Transcribe the listing verbatim, please, with images dropped.

┌─ Extracted records

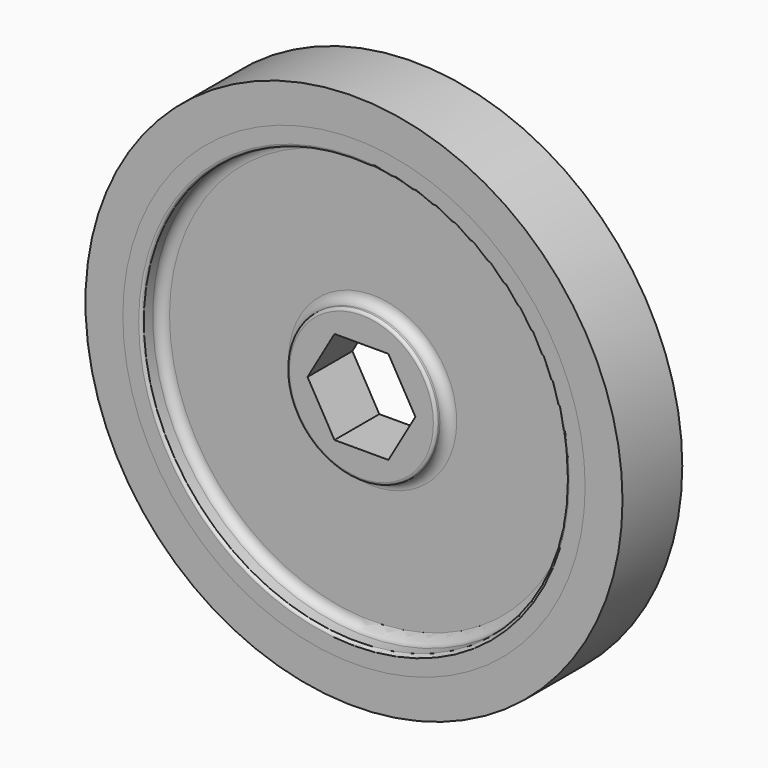
from build123d import *

# Parameters (mm, degrees)
F0_W     = 18.7325
F0_H     = 1.905
F0_W_2   = 2.54
F0_H_2   = 2.54
F3_DEPTH = 8.891
F8_R     = 1.27
F9_R     = 0.381
F10_R    = 0.381
F11_R    = 0.381


# Not quite as in the source:
# - a variable given as a bare number and used for a length is read in inches; the dataset says mm whatever the document's units were


with BuildPart() as f1:
    # F0 (on Top) → F1 (revolve)
    with BuildSketch(Plane.XY):
        Polygon((0, 3.81), (0, 0), (10.16, 0), (10.16, 1.905), (10.16, 3.81), align=None)
        with Locations((19.52625, 0.9525)):
            Rectangle(F0_W, F0_H)
        Polygon((10.16, 0), (0, 0), (0, -3.81), (10.16, -3.81), (10.16, -1.905), align=None)
        with Locations((19.52625, -0.9525)):
            Rectangle(F0_W, F0_H)
        with Locations((32.7025, -1.27)):
            Rectangle(F0_W_2, F0_H_2)
        with Locations((32.7025, 1.27)):
            Rectangle(F0_W_2, F0_H_2)
        Polygon((28.8925, 1.905), (28.8925, 0), (31.4325, 0), (31.4325, 2.54), (31.4325, 5.08), (28.8925, 5.08), align=None)
        Polygon((31.4325, 0), (28.8925, 0), (28.8925, -1.905), (28.8925, -5.08), (31.4325, -5.08), (31.4325, -2.54), align=None)
    revolve(axis=Axis((0, 1.905, 0), (0, 1, 0)))

    # F2 (on face) → F3 (cut, through all)
    with BuildSketch(Plane.XZ.offset(3.81)):
        Polygon((3.6661742094, 6.35), (-3.6661742094, 6.35), (-7.3323484187, 0), (-3.6661742094, -6.35), (3.6661742094, -6.35), (7.3323484187, 0), align=None)
    extrude(amount=-F3_DEPTH, mode=Mode.SUBTRACT)

    # F8
    f8_edges = [f1.edges().sort_by_distance(p)[0] for p in [
        (-28.8925, -1.905, 0),
        (-10.16, -1.905, 0),
    ]]
    fillet(f8_edges, radius=F8_R)

    # F9
    f9_edges = [f1.edges().sort_by_distance(p)[0] for p in [
        (-28.8925, -5.08, 0),
        (-10.16, -3.81, 0),
    ]]
    fillet(f9_edges, radius=F9_R)

    # F10
    f10_edges = [f1.edges().sort_by_distance(p)[0] for p in [
        (-31.4325, -2.54, 0),
        (-33.9725, -2.54, 0),
        (-31.4325, 2.54, 0),
        (-33.9725, 2.54, 0),
    ]]
    fillet(f10_edges, radius=F10_R)


with BuildPart() as f5:
    # F4 (on Top) → F5 (revolve)
    with BuildSketch(Plane.XY):
        Polygon((31.4325, 5.08), (31.4325, 2.54), (33.9725, 2.54), (33.9725, 0), (33.9725, -2.54), (31.4325, -2.54), (31.4325, -5.08), (36.5125, -5.08), (36.5125, 5.08), align=None)
    revolve(axis=Axis((0, 1.905, 0), (0, 1, 0)))

    # F11
    f11_edges = [f5.edges().sort_by_distance(p)[0] for p in [
        (-33.9725, 2.54, 0),
        (-31.4325, 2.54, 0),
        (-31.4325, -2.54, 0),
        (-33.9725, -2.54, 0),
    ]]
    fillet(f11_edges, radius=F11_R)


solid = Compound([f1.part, f5.part])

└─

Completed exercise:
from build123d import *

# Parameters (mm, degrees)
F0_W     = 18.7325
F0_H     = 1.905
F0_W_2   = 2.54
F0_H_2   = 2.54
F3_DEPTH = 8.891
F8_R     = 1.27
F9_R     = 0.381
F10_R    = 0.381
F11_R    = 0.381


# Not quite as in the source:
# - a variable given as a bare number and used for a length is read in inches; the dataset says mm whatever the document's units were


with BuildPart() as f1:
    # F0 (on Top) → F1 (revolve)
    with BuildSketch(Plane.XY):
        Polygon((0, 3.81), (0, 0), (10.16, 0), (10.16, 1.905), (10.16, 3.81), align=None)
        with Locations((19.52625, 0.9525)):
            Rectangle(F0_W, F0_H)
        Polygon((10.16, 0), (0, 0), (0, -3.81), (10.16, -3.81), (10.16, -1.905), align=None)
        with Locations((19.52625, -0.9525)):
            Rectangle(F0_W, F0_H)
        with Locations((32.7025, -1.27)):
            Rectangle(F0_W_2, F0_H_2)
        with Locations((32.7025, 1.27)):
            Rectangle(F0_W_2, F0_H_2)
        Polygon((28.8925, 1.905), (28.8925, 0), (31.4325, 0), (31.4325, 2.54), (31.4325, 5.08), (28.8925, 5.08), align=None)
        Polygon((31.4325, 0), (28.8925, 0), (28.8925, -1.905), (28.8925, -5.08), (31.4325, -5.08), (31.4325, -2.54), align=None)
    revolve(axis=Axis((0, 1.905, 0), (0, 1, 0)))

    # F2 (on face) → F3 (cut, through all)
    with BuildSketch(Plane.XZ.offset(3.81)):
        Polygon((3.6661742094, 6.35), (-3.6661742094, 6.35), (-7.3323484187, 0), (-3.6661742094, -6.35), (3.6661742094, -6.35), (7.3323484187, 0), align=None)
    extrude(amount=-F3_DEPTH, mode=Mode.SUBTRACT)

    # F8
    f8_edges = [f1.edges().sort_by_distance(p)[0] for p in [
        (-28.8925, -1.905, 0),
        (-10.16, -1.905, 0),
    ]]
    fillet(f8_edges, radius=F8_R)

    # F9
    f9_edges = [f1.edges().sort_by_distance(p)[0] for p in [
        (-28.8925, -5.08, 0),
        (-10.16, -3.81, 0),
    ]]
    fillet(f9_edges, radius=F9_R)

    # F10
    f10_edges = [f1.edges().sort_by_distance(p)[0] for p in [
        (-31.4325, -2.54, 0),
        (-33.9725, -2.54, 0),
        (-31.4325, 2.54, 0),
        (-33.9725, 2.54, 0),
    ]]
    fillet(f10_edges, radius=F10_R)


with BuildPart() as f5:
    # F4 (on Top) → F5 (revolve)
    with BuildSketch(Plane.XY):
        Polygon((31.4325, 5.08), (31.4325, 2.54), (33.9725, 2.54), (33.9725, 0), (33.9725, -2.54), (31.4325, -2.54), (31.4325, -5.08), (36.5125, -5.08), (36.5125, 5.08), align=None)
    revolve(axis=Axis((0, 1.905, 0), (0, 1, 0)))

    # F11
    f11_edges = [f5.edges().sort_by_distance(p)[0] for p in [
        (-33.9725, 2.54, 0),
        (-31.4325, 2.54, 0),
        (-31.4325, -2.54, 0),
        (-33.9725, -2.54, 0),
    ]]
    fillet(f11_edges, radius=F11_R)


solid = Compound([f1.part, f5.part])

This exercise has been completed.